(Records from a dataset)
>>>

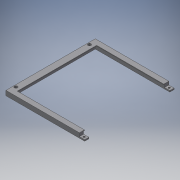
# Autodesk Inventor part: Case-Side
Saved by Autodesk Inventor 2016 SP2 (Build 200236200, 236)
## iProperties
Created: 2018-06-26
Part Number: Case-Side
Material: Generisch
Document SubType Name: Modeling
Designer: Nils
Density: 1 g/cm^3
Appearance: Vorgabe
Author: Nils
Autodesk Inventor part; units mm, degrees
ref_plane "YZ Plane" through (0, 0, 0) normal (1, 0, 0) x (0, 1, 0)
ref_plane "XZ Plane" through (0, 0, 0) normal (0, 1, 0) x (-1, 0, 0)
ref_plane "XY Plane" through (0, 0, 0) normal (0, 0, 1) x (1, 0, 0)
sketch "Skizze1" plane through (0, 0, 0) normal (0, 0, 1) x (1, 0, 0)
  line L0 (0, 0) -> (139.4, 0) construction
  line L1 (139.4, 0) -> (139.4, 169.5) construction
  line L2 (139.4, 169.5) -> (0, 169.5)
  line L3 (0, 169.5) -> (0, 0)
  line L4 (139.4, 160) -> (12, 160)
  line L5 (12, 160) -> (12, 9.5)
  line L6 (12, 9.5) -> (139.4, 9.5)
  line L7 (139.4, 9.5) -> (139.4, 160) construction
  line L8 (0, 0) -> (139.4, 0)
  line L9 (139.4, 0) -> (139.4, 9.5)
  line L10 (139.4, 160) -> (139.4, 169.5)
  dimension "d0" = 9.5
  dimension "d1" = 9.5
  dimension "d2" = 12
  dimension "d3" = 150.5
  dimension "d4" = 127.4
  constraints: 22 end point, 4 parallel, 3 perpendicular, 2 collinear, 2 horizontal, 1 point on line
  measures "d0" distance between parallel lines of L6 L0
  measures "d1" distance between parallel lines of L2 L4
  measures "d2" distance between parallel lines of L5 L3
  measures "d3" distance between parallel lines of L6 L4
  measures "d4" distance of L5.end L6.end
extrude "Extrusion1" add sketch "Skizze1" along normal blind 1.2
sketch "Skizze2" plane through (0, 0, 0) normal (0, 0, -1) x (-1, 0, 0)
  line L0 (-139.4, 8) -> (-8, 8)
  line L1 (-8, 8) -> (-8, 161.5)
  line L2 (-8, 161.5) -> (-139.4, 161.5)
  line L3 (0, 0) -> (-139.4, 0) projected
  line L4 (0, 0) -> (0, 169.5) projected
  line L5 (0, 169.5) -> (-139.4, 169.5) projected
  line L6 (-139.4, 160) -> (-139.4, 169.5) projected
  line L7 (-139.4, 169.5) -> (-149.4, 169.5)
  line L8 (-149.4, 169.5) -> (-149.4, 161.5)
  line L9 (-149.4, 161.5) -> (-139.4, 161.5)
  line L10 (-139.4, 0) -> (-139.4, 9.5) projected
  line L11 (-139.4, 0) -> (-149.4, 0)
  line L12 (-149.4, 0) -> (-149.4, 8)
  line L13 (-149.4, 8) -> (-139.4, 8)
  circle A0 centre (-144.4, 165.5) radius 1.75
  circle A1 centre (-144.4, 4) radius 1.75
  dimension "d7" = 10
  dimension "d8" = 8
  dimension "d9" = 8
  dimension "d10" = 8
  dimension "d11" = 3.5
  dimension "d12" = 5
  dimension "d13" = 4
  dimension "d14" = 3.5
  dimension "d15" = 5
  dimension "d16" = 4
  constraints: 18 end point, 3 perpendicular, 2 centre point, 2 collinear, 2 point on line, 1 horizontal, 1 parallel
  measures "d7" distance of L5.end L7.end
  measures "d8" distance between parallel lines of L3 L0
  measures "d9" distance between parallel lines of L4 L1
  measures "d10" distance between parallel lines of L5 L2
  measures "d11" diameter of A0
  measures "d12" distance from line of L8 A0.centre
  measures "d13" distance from line of L7 A0.centre
  measures "d14" diameter of A1
  measures "d15" distance from line of L12 A1.centre
  measures "d16" distance from line of L13 A1.centre
extrude "Extrusion2" add sketch "Skizze2" along normal blind 7.7
sketch "Skizze3" plane through (0, 0, 0) normal (0, 0, 1) x (1, 0, 0)
  line L0 (139.4, 169.5) -> (139.4, 161.5) projected
  line L1 (139.4, 161.5) -> (149.4, 161.5) projected
  line L2 (149.4, 161.5) -> (149.4, 169.5) projected
  line L3 (149.4, 169.5) -> (139.4, 169.5) projected
  circle A0 centre (144.4, 165.5) radius 1.75 projected
  line L4 (139.4, 8) -> (139.4, 0) projected
  line L5 (139.4, 0) -> (149.4, 0) projected
  line L6 (149.4, 0) -> (149.4, 8) projected
  line L7 (149.4, 8) -> (139.4, 8) projected
  circle A1 centre (144.4, 4) radius 1.75 projected
  point P0 (0, 0)
extrude "Extrusion3" cut sketch "Skizze3" against normal blind 5.1
sketch "Skizze4" plane through (0, 0, 1.2) normal (0, 0, 1) x (1, 0, 0)
  line L0 (139.4, 169.5) -> (0, 169.5) construction
  line L1 (4, 169.5) -> (4, 0) construction
  line L2 (0, 0) -> (139.4, 0) construction
  line L3 (0, 169.5) -> (0, 0) construction
  circle A0 centre (4, 15) radius 3
  circle A1 centre (4, 154.5) radius 3
  dimension "d21" = 4
  dimension "d22" = 6
  dimension "d23" = 6
  dimension "d24" = 15
  dimension "d25" = 15
  constraints: 4 point on line, 2 centre point, 2 end point, 1 vertical
  measures "d21" distance between parallel lines of L3 L1
  measures "d22" diameter of A0
  measures "d23" diameter of A1
  measures "d24" distance from line of L0 A1.centre
  measures "d25" distance from line of L2 A0.centre
extrude "Extrusion4" cut sketch "Skizze4" against normal blind 3.4
sketch "Skizze5" plane through (4, 154.5, -2.2) normal (0, 0, 1) x (1, 0, 0)
  circle A0 centre (0, -139.5) radius 3 projected
  circle A1 centre (0, 0) radius 3 projected
  circle A2 centre (0, 0) radius 3 projected
  circle A3 centre (0, 0) radius 1.75
  circle A4 centre (0, -139.5) radius 1.75
  point P0 (-4, -154.5)
  dimension "d28" = 3.5
  dimension "d29" = 3.5
  constraints: 2 centre point, 2 coincident
  measures "d28" diameter of A3
  measures "d29" diameter of A4
extrude "Extrusion5" cut sketch "Skizze5" against normal blind 42.55 contours A3 | A4
equation "\"d1\" = d0"
equation "\"d14\" = d11"
equation "\"d25\" = d24"
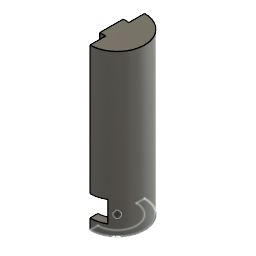
Connector (Autodesk Fusion 360 design; units mm, degrees)
part number: 2026-05-27-14-04-04-217
Autodesk Fusion 360 part; units mm, degrees
sketch "Sketch1" plane through (0, 0, 0) normal (0, 1, 0) x (1, 0, 0)
  arc A0 (0, -23.375) -> (0, 23.375) centre (0, 0) ccw
  arc A1 (0, -23.375) -> (0, 23.375) centre (0, 0) ccw
  arc A2 (0, -16.5) -> (0, 16.5) centre (0, 0) ccw
  line L0 (0, 16.5) -> (0, 23.375)
  line L1 (0, -16.5) -> (0, -23.375)
  constraint coincident A0.centre A1.centre
  constraint coincident A0.end A1.end
  constraint coincident A0.start A1.start
  constraint vertical L0
  constraint parallel L0 L1
  constraint vertical A2.end A0.centre
  constraint vertical A2.start A0.centre
extrude "Extrude1" add sketch "Sketch1" along normal blind 137
sketch "Sketch5" plane through (0, 0, 0) normal (0, -1, 0) x (1, 0, 0)
  arc A0 (0, -16.5) -> (0, 16.5) centre (0, 0) ccw
  line L0 (0, -16.5) -> (0, -23.375)
  arc A1 (0, -23.375) -> (0, 23.375) centre (0, 0) ccw
  line L1 (0, 23.375) -> (0, 16.5)
  line L2 (0, 23.375) -> (0, 16.5)
  line L3 (0, -16.5) -> (0, -23.375)
  arc A2 (0, -16.5) -> (12, -11.324752) centre (0, 0) ccw
  arc A3 (12, 11.324752) -> (0, 16.5) centre (0.050615, 0.117362) ccw
  arc A4 (12, 20.059677) -> (0, 23.375) centre (0, 0) ccw
  arc A5 (0, -23.375) -> (12, -20.059677) centre (0, 0) ccw
  line L4 (12, -11.324752) -> (12, -20.059677)
  line L5 (12, 20.059677) -> (12, 11.324752)
  dimension "d11" = 12
  constraint coincident A1.end L1.start
  constraint coincident A0.end L1.end
  constraint coincident A0.start L0.start
  constraint coincident L0.end A1.start
  constraint concentric A0 A2
  constraint concentric A1 A5
  constraint vertical L5
  constraint vertical L4
extrude "Extrude2" cut sketch "Sketch5" against normal blind 18 from surface at -9 contours A0 L0 A1 L3 A2 A5 L4 | A1 L1 L2 A3 A4 L5 picked at (9.243328, -18.900304) picked at (9.244717, 18.903526)
sketch "Sketch6" plane through (0, 137, 0) normal (0, 1, 0) x (-1, 0, 0)
  arc A0 (0, 16.5) -> (0, -16.5) centre (0, 0) ccw
  line L0 (0, 16.5) -> (0, 23.375)
  arc A1 (0, 23.375) -> (0, -23.375) centre (0, 0) ccw
  line L1 (0, -23.375) -> (0, -16.5)
  arc A2 (0, 16.5) -> (0, -16.5) centre (0, 0) ccw
  line L2 (0, 16.5) -> (0, -16.5)
  constraint coincident A0.end L1.end
  constraint coincident A0.start L0.start
  constraint coincident A0.centre A1.centre
extrude "Extrude3" add sketch "Sketch6" against normal up to surface (54 mm away) contours A0 A2 L2 picked at (-5.582872, -2.68857)
sketch "Sketch7" plane through (0, 0, 0) normal (-1, 0, 0) x (0, 0, 1)
  line L0 (-23.375, 27) -> (-16.5, 27)
  line L1 (-16.5, 27) -> (-16.5, 83)
  line L2 (-16.5, 83) -> (16.5, 83)
  line L3 (16.5, 83) -> (16.5, 27)
  line L4 (16.5, 27) -> (23.375, 27)
  line L5 (23.375, 27) -> (23.375, 137)
  line L6 (23.375, 137) -> (-23.375, 137)
  line L7 (-23.375, 137) -> (-23.375, 27)
  line L8 (-10, 137) -> (10, 137)
  line L9 (10, 137) -> (10, 112)
  line L10 (10, 112) -> (-10, 112)
  line L11 (-10, 112) -> (-10, 137)
  dimension "d18" = 25
  dimension "d19" = 20
  dimension "d20" = 13.375
  constraint horizontal L8
  constraint vertical L9
  constraint horizontal L10
  constraint vertical L11
  constraint coincident L6 L8.start
  measures "d18" distance of L8.end L9.end
  measures "d19" distance of L9.end L10.end
  measures "d20" distance of L5 L9
extrude "Extrude4" add sketch "Sketch7" along normal blind 5 contours L6 L8 L9 L10 L11 picked at (-3.333333, 128.666667)

<<<

### Task instructions:
Every line of the entries above that includes "parallel" should be copied.

### Your solution:
  constraints: 22 end point, 4 parallel, 3 perpendicular, 2 collinear, 2 horizontal, 1 point on line
  measures "d0" distance between parallel lines of L6 L0
  measures "d1" distance between parallel lines of L2 L4
  measures "d2" distance between parallel lines of L5 L3
  measures "d3" distance between parallel lines of L6 L4
  constraints: 18 end point, 3 perpendicular, 2 centre point, 2 collinear, 2 point on line, 1 horizontal, 1 parallel
  measures "d8" distance between parallel lines of L3 L0
  measures "d9" distance between parallel lines of L4 L1
  measures "d10" distance between parallel lines of L5 L2
  measures "d21" distance between parallel lines of L3 L1
  constraint parallel L0 L1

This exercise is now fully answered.